Stronger Baseline Model. Although the proposed baseline model, GaitBase, has achieved state-of-the-art performance on the largest outdoor gait dataset, GREW [48], with a rank-1 accuracy of 60.1%, there is still a significant gap in achieving an accurate enough gait recognition for real-world applications. Additionally, there has been a modeling shift from CNNs to Transformers [36, 4, 20] in many visual tasks. With its outstanding modeling capabilities, transformer-based gait recognition offers a fascinating solution to the challenges posed by outdoor environments, yet it has not received the attention it deserves. Therefore, the development of a stronger baseline model, such as a transformer-based model, remains a pressing issue for practical gait recognition.

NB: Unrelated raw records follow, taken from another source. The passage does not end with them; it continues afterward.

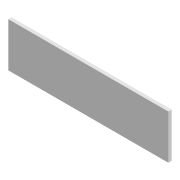
# Autodesk Inventor part: 00_Baseplate_Simmo_side4_v2
Saved by Autodesk Inventor 2022 (Build 260153000, 153)
## iProperties
Created: 2022-08-04
Part Number: 00_Baseplate_Simmo_side4_v2
Material: Generic
Document SubType Name: Modeling
Designer: wanghaoran
Density: 1 g/cm^3
Appearance: Default
Author: wanghaoran
Autodesk Inventor part; units mm, degrees
ref_plane "YZ Plane" through (0, 0, 0) normal (1, 0, 0) x (0, 1, 0)
ref_plane "XZ Plane" through (0, 0, 0) normal (0, 1, 0) x (-1, 0, 0)
ref_plane "XY Plane" through (0, 0, 0) normal (0, 0, 1) x (1, 0, 0)
sketch "Sketch1" plane through (0, 0, 0) normal (0, 0, 1) x (1, 0, 0)
  line L0 (15.4242, 6) -> (15.4242, -73) projected
  line L1 (-270, 0) -> (-270, 6) projected
  line L2 (15.4242, 6) -> (-270, 6)
  line L3 (-270, 6) -> (-270, -73)
  line L4 (-270, -73) -> (15.4242, -73)
  line L5 (15.4242, -73) -> (15.4242, 6)
  line L6 (-276, 0) -> (-276, 6) projected
  line L7 (-270, 6) -> (-276, 6)
  line L8 (-276, 6) -> (-276, -73)
  line L9 (-276, -73) -> (-270, -73)
  line L10 (-270, -73) -> (-270, 6)
  point P0 (0, 0)
  dimension "d0" = 79
  constraints: 16 end point, 4 parallel, 2 horizontal, 2 perpendicular
  measures "d0" distance of L3.end L2.end
extrude "Extrusion1" add sketch "Sketch1" along normal blind 6
sketch "Sketch2" plane through (0, 0, 6) normal (0, 0, 1) x (1, 0, 0)
  line L0 (0, 0) -> (0, 6) projected
  line L1 (15.4242, 6) -> (-276, 6) projected
  line L2 (0, 0) -> (15.4242, 0)
  line L3 (15.4242, -73) -> (15.4242, 6) projected
  line L4 (0, 6) -> (-0.1, 6)
  line L5 (-0.1, 6) -> (-0.1, 0)
  line L6 (-0.1, 0) -> (0, 0)
  line L7 (0, 0) -> (0, 6)
  point P0 (-270, 6)
  dimension "d5" = 0.1
  constraints: 10 end point, 2 horizontal, 2 parallel, 1 perpendicular, 1 point on line
  measures "d5" distance of L6.end L5.end
extrude "Extrusion2" cut sketch "Sketch2" against normal blind 6
sketch "Sketch3" plane through (0, 0, 6) normal (0, 0, 1) x (1, 0, 0)
  line L0 (-10, 0) -> (-10, 6) projected
  line L1 (-20, 6) -> (-10, 6) projected
  line L2 (-20, 6) -> (-20, 0) projected
  line L3 (-20, 0) -> (-10, 0) projected
  line L4 (-0.1, 6) -> (-276, 6) projected
  line L5 (-10, 0) -> (-9.9, 0)
  line L6 (-9.9, 0) -> (-9.9, 6)
  line L7 (-9.9, 6) -> (-10, 6)
  line L8 (-10, 6) -> (-10, 0)
  line L9 (-20, 0) -> (-20.1, 0)
  line L10 (-20.1, 0) -> (-20.1, 6)
  line L11 (-20.1, 6) -> (-20, 6)
  line L12 (-20, 6) -> (-20, 0)
  point P0 (0, 0)
  point P1 (-270, 6)
  dimension "d6" = 0.1
  dimension "d7" = 0.1
  constraints: 16 end point, 4 parallel, 2 horizontal, 2 perpendicular, 2 point on line
  measures "d6" distance of L7.end L6.end
  measures "d7" distance of L10.end L11.end
extrude "Extrusion3" cut sketch "Sketch3" against normal blind 6
pattern_linear "Rectangular Pattern1" count 13 spacing 20 along (-1, 0, 0) of "Extrusion3"
ref_plane "Work Plane1" through (-276, -33.5, 6) normal (0, 1, 0) x (1, 0, 0)
sketch "Sketch4" plane through (0, 0, 6) normal (0, 0, 1) x (1, 0, 0)
  line L0 (-260.1, 0) -> (-260.1, 6) projected
  line L1 (-249.9, 6) -> (-249.9, 0) projected
  line L2 (-334.2848, -33.5) -> (73.709, -33.5) projected
  line L3 (-260.1, -67) -> (-260.1, -73)
  line L4 (-249.9, -73) -> (-249.9, -67)
  line L5 (-249.9, -67) -> (-260.1, -67)
  line L6 (-276, -73) -> (15.4242, -73) projected
  point P0 (0, 0)
  constraints: 6 end point, 4 symmetric about line, 1 horizontal
extrude "Extrusion4" cut sketch "Sketch4" against normal blind 6
pattern_linear "Rectangular Pattern2" count 14 spacing 20 along (1, 0, 0) of "Extrusion4"
body "Solid1"
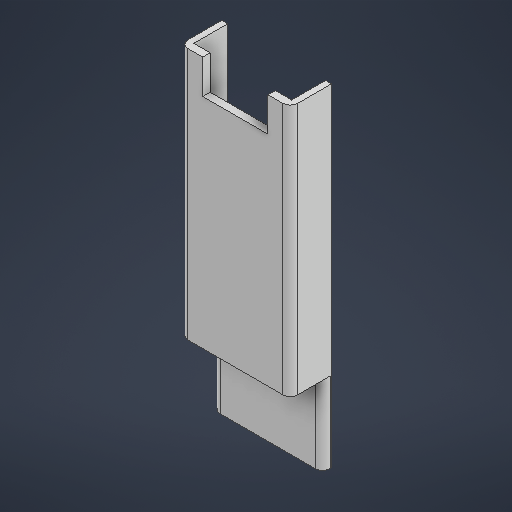
# Autodesk Inventor part: cover^3
Saved by Autodesk Inventor 2025 (Build 290162000, 162)
## iProperties
Created: 2025-02-18
Part Number: cover^3
Material: Generic
Document SubType Name: Modeling
Designer: mayhe
Density: 1 g/cm^3
Appearance: Default
Author: mayhe
Autodesk Inventor part; units mm, degrees
ref_plane "YZ Plane" through (0, 0, 0) normal (1, 0, 0) x (0, 1, 0)
ref_plane "XZ Plane" through (0, 0, 0) normal (0, 1, 0) x (-1, 0, 0)
ref_plane "XY Plane" through (0, 0, 0) normal (0, 0, 1) x (1, 0, 0)
sketch "Sketch1" plane through (0, 0, 0) normal (0, 0, 1) x (1, 0, 0)
  line L0 (-37, 85) -> (37, 85)
  line L1 (37, 85) -> (37, -85)
  line L2 (37, -85) -> (-37, -85)
  line L3 (-37, -85) -> (-37, 85)
  line L4 (-37, 85) -> (37, -85) construction
  line L5 (37, 85) -> (-37, -85) construction
  line L6 (22, 85) -> (-22, 85)
  line L7 (-22, 85) -> (-22, 62)
  line L8 (-22, 62) -> (22, 62)
  line L9 (22, 62) -> (22, 85)
  point P0 (0, 0)
  point P1 (0, 62)
  point P2 (0, 85)
  point P3 (-22, 85)
  dimension "d0" = 74
  dimension "d1" = 170
  dimension "d9" = 44
  dimension "d10" = 23
  constraints: 20 end point, 4 midpoint, 4 parallel, 2 horizontal, 2 perpendicular, 1 point on line, 1 vertical alignment
  measures "d0" distance of L1.end L2.end
  measures "d1" distance of L0.end L1.end
  measures "d9" distance of L8.end L7.end
  measures "d10" distance of L7.end L6.end
extrude "Extrusion1" add sketch "Sketch1" along normal blind 5 contours L0 L7 L8 L9 L1 L2 L3
sketch "Sketch2" plane through (0, 0, 0) normal (0, 0, -1) x (-1, 0, 0)
  circle A0 centre (-26, 81) radius 2.375
  line L0 (0, 0) -> (0, 85)
  line L1 (-37, 85) -> (37, 85) projected
  circle A1 centre (26, 81) radius 2.375
  dimension "d4" = 4.75
  dimension "d5" = 52
  dimension "d8" = 4
  constraints: 2 centre point, 2 end point, 1 midpoint, 1 symmetric about line, 1 other
  measures "d4" diameter of A0
  measures "d5" distance of A1.centre A0.centre
  measures "d8" distance from line of L1 A0.centre
extrude "Extrusion2" cut sketch "Sketch2" against normal blind 4
sketch "Sketch3" plane through (0, 0, 0) normal (0, 0, -1) x (-1, 0, 0)
  line L0 (37, -85) -> (-37, -85) projected
  line L1 (-37, 85) -> (-37, -85)
  line L2 (-37, -85) -> (37, -85)
  line L3 (37, -85) -> (37, 85)
  line L4 (33, 85) -> (33, -81)
  line L5 (33, -81) -> (-33, -81)
  line L6 (-33, -81) -> (-33, 85)
  line L7 (-37, 85) -> (-22, 85) projected
  line L8 (-37, 85) -> (-33, 85)
  line L9 (22, 85) -> (37, 85) projected
  line L10 (33, 85) -> (37, 85)
  line L11 (-33, -81) -> (-27.5, -81)
  line L12 (-27.5, -81) -> (-27.5, -28.7771)
  line L13 (-27.5, -28.7771) -> (-33, -28.7771)
  line L14 (-33, -28.7771) -> (-33, -81)
  line L15 (33, -81) -> (27.5, -81)
  line L16 (27.5, -81) -> (27.5, -28.7771)
  line L17 (27.5, -28.7771) -> (33, -28.7771)
  line L18 (33, -28.7771) -> (33, -81)
  point P0 (0, 0)
  point P1 (33, -28.7771)
  point P2 (-33, -28.7771)
  dimension "d12" = 4
  dimension "d18" = 52.2229
  dimension "d19" = 5.5
  dimension "d20" = 5.5
  constraints: 32 end point, 4 parallel, 3 perpendicular, 2 collinear, 2 horizontal, 1 point on line, 1 vertical, 2 other
  measures "d12" distance between parallel lines of L3 L4
  measures "d18" distance of L12.end L11.end
  measures "d19" distance of L16.end L17.end
  measures "d20" distance between parallel lines of L6 L12
extrude "Extrusion3" add sketch "Sketch3" along normal blind 22.8316
sketch "Sketch4" plane through (-37, -85, 5) normal (0, -1, 0) x (1, 0, 0)
  line L0 (70, -27.8316) -> (74, -27.8316) projected
  line L1 (74, -27.8316) -> (0, -27.8316)
  line L2 (0, -27.8316) -> (0, -21.8316)
  line L3 (0, -21.8316) -> (74, -21.8316)
  line L4 (74, -21.8316) -> (74, -27.8316)
  point P0 (37, -5)
  dimension "d15" = 6
  dimension "d21" = 74
  constraints: 8 end point, 2 parallel, 1 horizontal, 1 perpendicular
  measures "d15" distance of L1.end L2.end
  measures "d21" distance of L0.end L1.end
extrude "Extrusion4" add sketch "Sketch4" along normal blind 54
chamfer "Chamfer1" distance 10 angle 45 2 edges at (30.25, -28.7771, -22.8316) (-30.25, -28.7771, -22.8316)
sketch "Sketch5" plane through (0, 0, -22.8316) normal (0, 0, -1) x (-1, 0, 0)
  line L0 (-31.85, -29.2771) -> (-31.85, -139.7771)
  line L1 (-31.85, -29.2771) -> (78.65, -29.2771) construction
  circle A0 centre (-31.85, -44.2771) radius 2.375
  circle A1 centre (-31.85, -64.2771) radius 2.375
  circle A2 centre (-31.85, -84.2771) radius 2.375
  circle A3 centre (-31.85, -104.2771) radius 2.375
  circle A4 centre (-31.85, -124.2771) radius 2.375
  line L2 (-27.5, -28.7771) -> (-27.5, -81) projected
  line L3 (-37, -85) -> (-37, 85) projected
  line L4 (-27.5, -28.7771) -> (-33, -28.7771) projected
  line L5 (-37, -139) -> (37, -139) projected
  line L6 (0, -139) -> (0, -29.2771)
  circle A5 centre (31.85, -44.2771) radius 2.375
  circle A6 centre (31.85, -64.2771) radius 2.375
  circle A7 centre (31.85, -84.2771) radius 2.375
  circle A8 centre (31.85, -104.2771) radius 2.375
  circle A9 centre (31.85, -124.2771) radius 2.375
  point P0 (0, 0)
  point P1 (-31.85, -36)
  dimension "d23" = 110.5
  dimension "d24" = 90
  dimension "d25" = 4.75
  dimension "d26" = 15
  dimension "d29" = 20
  dimension "d39" = 5.15
  dimension "d40" = 0.5
  constraints: 10 centre point, 6 end point, 5 symmetric about line, 2 perpendicular, 2 point on line, 2 vertical, 1 horizontal, 1 midpoint, 1 vertical alignment, 13 other
  measures "d23" distance of L0.start L0.end
  measures "d24" angle of L0 L1
  measures "d25" diameter of A0
  measures "d26" distance of A0.centre L0.start
  measures "d29" distance of A0.centre A1.centre
  measures "d39" distance between parallel lines of L3 L0
  measures "d40" vertical distance of L2.start L0.start
extrude "Extrusion5" cut sketch "Sketch5" against normal blind 5
fillet "Fillet1" radius 5 4 edges at (37, 0, 5) (-37, 0, 5) (37, -112, -16.8316) (-37, -112, -16.8316)
body "Solid1"
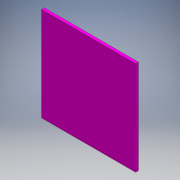
# Autodesk Inventor part: plaque
Saved by Autodesk Inventor 2017 (Build 210142000, 142)
## iProperties
Created: 2017-04-16
Part Number: plaque
Material: Generic
Document SubType Name: Modeling
Designer: franc
Density: 1 g/cm^3
Appearance: Default
Author: franc
Autodesk Inventor part; units mm, degrees
ref_plane "YZ Plane" through (0, 0, 0) normal (1, 0, 0) x (0, 1, 0)
ref_plane "XZ Plane" through (0, 0, 0) normal (0, 1, 0) x (-1, 0, 0)
ref_plane "XY Plane" through (0, 0, 0) normal (0, 0, 1) x (1, 0, 0)
sketch "Sketch1" plane through (0, 0, 0) normal (0, 1, 0) x (-1, 0, 0)
  line L0 (34, 64.6479) -> (-136, 64.6479)
  line L1 (-136, 64.6479) -> (-136, -105.3521)
  line L2 (-136, -105.3521) -> (34, -105.3521)
  line L3 (34, -105.3521) -> (34, 64.6479)
  circle A0 centre (31, 61.6479) radius 1
  circle A1 centre (15, 61.6479) radius 1
  circle A2 centre (31, 45.6479) radius 1
  circle A3 centre (15, 45.6479) radius 1
  point P0 (0, 0)
  dimension "d0" = 170
  dimension "d1" = 170
  dimension "d4" = 3
  dimension "d5" = 3
  dimension "d6" = 2
  dimension "d7" = 16
  dimension "d8" = 3
  dimension "d9" = 2
  dimension "d10" = 2
  dimension "d11" = 3
  dimension "d12" = 16
  dimension "d13" = 16
  dimension "d14" = 16
  dimension "d15" = 2
  constraints: 8 end point, 4 centre point, 2 parallel, 1 horizontal, 1 perpendicular
  measures "d0" distance of L2.end L0.start
  measures "d1" distance of L0.start L0.end
  measures "d4" distance from line of L0 A0.centre
  measures "d5" distance from line of A0.centre L3
  measures "d6" diameter of A0
  measures "d7" distance of A1.centre A0.centre
  measures "d8" distance from line of L0 A1.centre
  measures "d9" diameter of A1
  measures "d10" diameter of A2
  measures "d11" distance from line of L3 A2.centre
  measures "d12" distance of A0.centre A2.centre
  measures "d13" distance of A1.centre A3.centre
  measures "d14" distance of A2.centre A3.centre
  measures "d15" diameter of A3
extrude "Extrusion1" add sketch "Sketch1" along normal blind 5
body "Solid1"
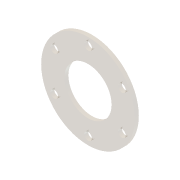
# Autodesk Inventor part: 94 Sprocket Spacer Custom Polycarb
Saved by Autodesk Inventor 2011 (Build 150239000, 239)
## iProperties
Created: 2012-06-05
Part Number: 94 Sprocket Spacer Custom Polycarb
Material: Polycarbonate, Smoke
Document SubType Name: Modeling
Designer: Nemo
Mass: 5.18507 g
Surface Area: 44.8184 cm^2
Volume: 4.32089 cm^3
Density: 1.2 g/cm^3
Author: Nemo
Autodesk Inventor part; units mm, degrees
ref_plane "YZ Plane" through (0, 0, 0) normal (1, 0, 0) x (0, 1, 0)
ref_plane "XZ Plane" through (0, 0, 0) normal (0, 1, 0) x (-1, 0, 0)
ref_plane "XY Plane" through (0, 0, 0) normal (0, 0, 1) x (1, 0, 0)
sketch "Sketch1" plane through (0, 0, 0) normal (0, 0, 1) x (1, 0, 0)
  circle A0 centre (0, 0) radius 28.575
  circle A1 centre (20.6222, 11.9062) radius 2.3818
  circle A2 centre (0, 0) radius 14.351
  circle A3 centre (-20.6222, 11.9062) radius 2.3263
  circle A4 centre (-20.6222, -11.9062) radius 2.3263
  circle A5 centre (0, -23.8125) radius 2.3263
  circle A6 centre (20.6222, -11.9062) radius 2.3263
  circle A7 centre (0, 23.8125) radius 2.3818
  constraints: 8 centre point
extrude "Extrusion1" add sketch "Sketch1" along normal blind 2.3813
body "Solid1"

Unsupervised Gait Recognition. The large-scale collection of annotated gait data in the wild is economically expensive and usually limited in the trade-off between the diversity and scale. For example, the largest outdoor gait dataset, GREW [48], covers over 20,000 subjects, but each subject, on average, only has about 4.5 walking sequences mostly captured from nearly front and back viewpoints. Additionally, it is challenging for outdoor gait datasets like GREW to include the long-term changes in clothing, age, hair, and body sizes for each subject as their collection process typically finishes in several months. Therefore, we consider learning the general gait representation, i.e., prior identity knowledge, from unlabelled walking videos to be a challenging yet highly appealing task for further study.

Ethical Statements.

We are highly concerned about personal information security and argue that the improper use or abuse of gait recognition will threaten personal privacy. We believe that the development of vision techniques should only devote to the cause of human happiness.

Acknowledgment

We want to thank the reviewers for their efforts and the authors of the references for their inspiring insights and awesome achievements.